(EXERCISE INPUT Opens)

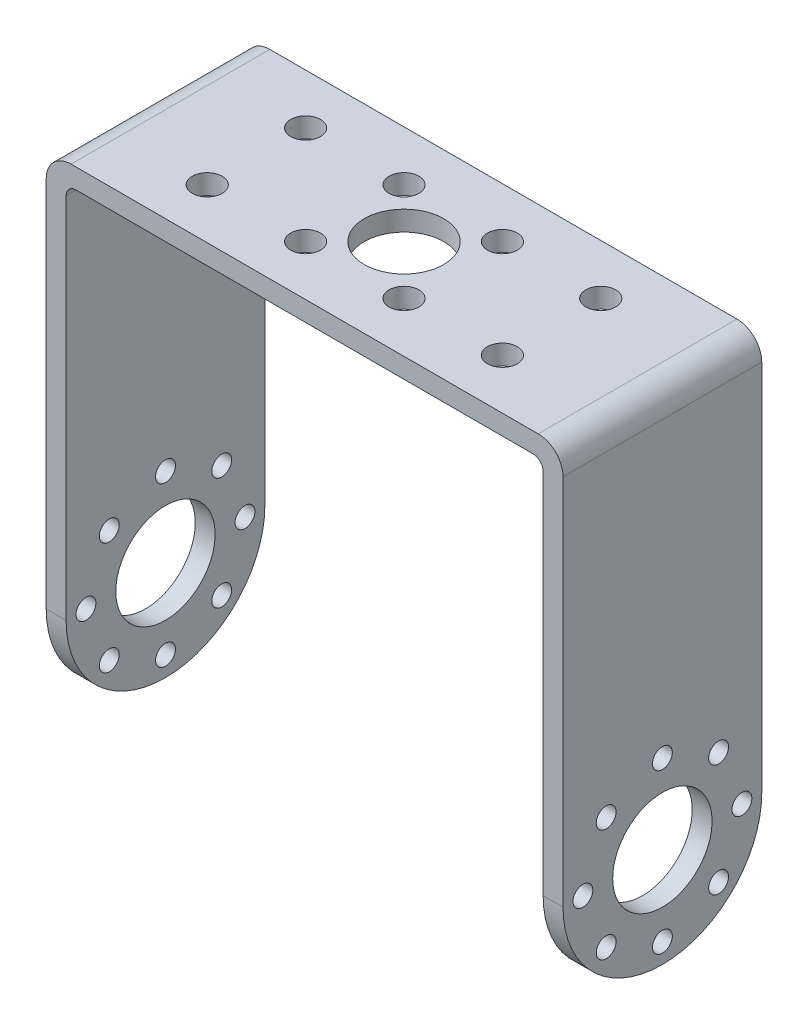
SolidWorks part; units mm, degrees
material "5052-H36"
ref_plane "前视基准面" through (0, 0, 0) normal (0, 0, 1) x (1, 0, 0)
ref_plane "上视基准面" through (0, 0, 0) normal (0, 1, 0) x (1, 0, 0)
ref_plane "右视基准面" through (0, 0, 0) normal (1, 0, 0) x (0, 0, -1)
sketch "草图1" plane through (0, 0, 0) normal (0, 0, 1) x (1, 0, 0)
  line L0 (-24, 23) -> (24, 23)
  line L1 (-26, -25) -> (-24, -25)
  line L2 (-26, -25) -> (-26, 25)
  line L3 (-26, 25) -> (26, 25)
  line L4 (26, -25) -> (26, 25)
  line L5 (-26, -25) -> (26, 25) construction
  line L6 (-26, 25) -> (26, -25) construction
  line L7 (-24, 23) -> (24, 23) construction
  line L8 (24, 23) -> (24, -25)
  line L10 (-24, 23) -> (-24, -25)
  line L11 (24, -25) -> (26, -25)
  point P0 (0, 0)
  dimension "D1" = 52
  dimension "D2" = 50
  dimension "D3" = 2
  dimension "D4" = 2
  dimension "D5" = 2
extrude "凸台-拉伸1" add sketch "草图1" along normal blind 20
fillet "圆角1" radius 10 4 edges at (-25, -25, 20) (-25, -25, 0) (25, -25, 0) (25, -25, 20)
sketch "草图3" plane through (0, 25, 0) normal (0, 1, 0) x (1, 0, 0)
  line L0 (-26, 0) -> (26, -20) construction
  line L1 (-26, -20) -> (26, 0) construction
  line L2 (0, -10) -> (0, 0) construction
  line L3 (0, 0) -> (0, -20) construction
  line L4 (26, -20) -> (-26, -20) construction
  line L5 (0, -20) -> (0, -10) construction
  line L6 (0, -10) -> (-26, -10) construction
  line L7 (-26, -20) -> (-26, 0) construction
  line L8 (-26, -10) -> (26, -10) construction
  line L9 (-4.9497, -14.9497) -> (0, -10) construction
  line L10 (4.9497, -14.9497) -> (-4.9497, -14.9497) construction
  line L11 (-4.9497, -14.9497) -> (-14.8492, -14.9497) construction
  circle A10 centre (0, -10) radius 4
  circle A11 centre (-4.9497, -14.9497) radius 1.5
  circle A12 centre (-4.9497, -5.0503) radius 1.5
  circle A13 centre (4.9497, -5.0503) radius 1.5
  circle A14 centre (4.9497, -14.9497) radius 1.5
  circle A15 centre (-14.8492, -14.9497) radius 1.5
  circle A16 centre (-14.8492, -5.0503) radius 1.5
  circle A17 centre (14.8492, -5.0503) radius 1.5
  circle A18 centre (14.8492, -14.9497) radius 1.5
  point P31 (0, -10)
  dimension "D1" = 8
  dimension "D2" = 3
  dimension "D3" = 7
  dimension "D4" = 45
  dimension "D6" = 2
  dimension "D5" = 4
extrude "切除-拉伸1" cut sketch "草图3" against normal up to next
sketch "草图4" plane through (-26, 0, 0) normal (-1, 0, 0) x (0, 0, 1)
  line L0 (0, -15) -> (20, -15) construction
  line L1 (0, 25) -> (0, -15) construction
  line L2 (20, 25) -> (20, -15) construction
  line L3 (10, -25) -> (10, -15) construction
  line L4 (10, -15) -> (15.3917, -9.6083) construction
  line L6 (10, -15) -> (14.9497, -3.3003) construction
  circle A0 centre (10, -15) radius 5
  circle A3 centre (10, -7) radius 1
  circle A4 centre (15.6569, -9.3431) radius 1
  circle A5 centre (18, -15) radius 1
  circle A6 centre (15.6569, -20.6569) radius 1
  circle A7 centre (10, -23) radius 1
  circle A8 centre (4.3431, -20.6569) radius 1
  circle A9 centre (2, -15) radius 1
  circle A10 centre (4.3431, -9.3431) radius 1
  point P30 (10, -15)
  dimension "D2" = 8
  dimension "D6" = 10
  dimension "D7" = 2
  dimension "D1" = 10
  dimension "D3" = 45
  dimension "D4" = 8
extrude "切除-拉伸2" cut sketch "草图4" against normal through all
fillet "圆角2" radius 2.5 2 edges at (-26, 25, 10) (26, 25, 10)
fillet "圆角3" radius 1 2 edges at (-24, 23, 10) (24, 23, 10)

(EXERCISE INPUT Closes)

> ABOUT THIS EXERCISE
Everything in the listing above is to be given again exactly, apart from the pictures.

> ANSWER SECTION
SolidWorks part; units mm, degrees
material "5052-H36"
ref_plane "前视基准面" through (0, 0, 0) normal (0, 0, 1) x (1, 0, 0)
ref_plane "上视基准面" through (0, 0, 0) normal (0, 1, 0) x (1, 0, 0)
ref_plane "右视基准面" through (0, 0, 0) normal (1, 0, 0) x (0, 0, -1)
sketch "草图1" plane through (0, 0, 0) normal (0, 0, 1) x (1, 0, 0)
  line L0 (-24, 23) -> (24, 23)
  line L1 (-26, -25) -> (-24, -25)
  line L2 (-26, -25) -> (-26, 25)
  line L3 (-26, 25) -> (26, 25)
  line L4 (26, -25) -> (26, 25)
  line L5 (-26, -25) -> (26, 25) construction
  line L6 (-26, 25) -> (26, -25) construction
  line L7 (-24, 23) -> (24, 23) construction
  line L8 (24, 23) -> (24, -25)
  line L10 (-24, 23) -> (-24, -25)
  line L11 (24, -25) -> (26, -25)
  point P0 (0, 0)
  dimension "D1" = 52
  dimension "D2" = 50
  dimension "D3" = 2
  dimension "D4" = 2
  dimension "D5" = 2
extrude "凸台-拉伸1" add sketch "草图1" along normal blind 20
fillet "圆角1" radius 10 4 edges at (-25, -25, 20) (-25, -25, 0) (25, -25, 0) (25, -25, 20)
sketch "草图3" plane through (0, 25, 0) normal (0, 1, 0) x (1, 0, 0)
  line L0 (-26, 0) -> (26, -20) construction
  line L1 (-26, -20) -> (26, 0) construction
  line L2 (0, -10) -> (0, 0) construction
  line L3 (0, 0) -> (0, -20) construction
  line L4 (26, -20) -> (-26, -20) construction
  line L5 (0, -20) -> (0, -10) construction
  line L6 (0, -10) -> (-26, -10) construction
  line L7 (-26, -20) -> (-26, 0) construction
  line L8 (-26, -10) -> (26, -10) construction
  line L9 (-4.9497, -14.9497) -> (0, -10) construction
  line L10 (4.9497, -14.9497) -> (-4.9497, -14.9497) construction
  line L11 (-4.9497, -14.9497) -> (-14.8492, -14.9497) construction
  circle A10 centre (0, -10) radius 4
  circle A11 centre (-4.9497, -14.9497) radius 1.5
  circle A12 centre (-4.9497, -5.0503) radius 1.5
  circle A13 centre (4.9497, -5.0503) radius 1.5
  circle A14 centre (4.9497, -14.9497) radius 1.5
  circle A15 centre (-14.8492, -14.9497) radius 1.5
  circle A16 centre (-14.8492, -5.0503) radius 1.5
  circle A17 centre (14.8492, -5.0503) radius 1.5
  circle A18 centre (14.8492, -14.9497) radius 1.5
  point P31 (0, -10)
  dimension "D1" = 8
  dimension "D2" = 3
  dimension "D3" = 7
  dimension "D4" = 45
  dimension "D6" = 2
  dimension "D5" = 4
extrude "切除-拉伸1" cut sketch "草图3" against normal up to next
sketch "草图4" plane through (-26, 0, 0) normal (-1, 0, 0) x (0, 0, 1)
  line L0 (0, -15) -> (20, -15) construction
  line L1 (0, 25) -> (0, -15) construction
  line L2 (20, 25) -> (20, -15) construction
  line L3 (10, -25) -> (10, -15) construction
  line L4 (10, -15) -> (15.3917, -9.6083) construction
  line L6 (10, -15) -> (14.9497, -3.3003) construction
  circle A0 centre (10, -15) radius 5
  circle A3 centre (10, -7) radius 1
  circle A4 centre (15.6569, -9.3431) radius 1
  circle A5 centre (18, -15) radius 1
  circle A6 centre (15.6569, -20.6569) radius 1
  circle A7 centre (10, -23) radius 1
  circle A8 centre (4.3431, -20.6569) radius 1
  circle A9 centre (2, -15) radius 1
  circle A10 centre (4.3431, -9.3431) radius 1
  point P30 (10, -15)
  dimension "D2" = 8
  dimension "D6" = 10
  dimension "D7" = 2
  dimension "D1" = 10
  dimension "D3" = 45
  dimension "D4" = 8
extrude "切除-拉伸2" cut sketch "草图4" against normal through all
fillet "圆角2" radius 2.5 2 edges at (-26, 25, 10) (26, 25, 10)
fillet "圆角3" radius 1 2 edges at (-24, 23, 10) (24, 23, 10)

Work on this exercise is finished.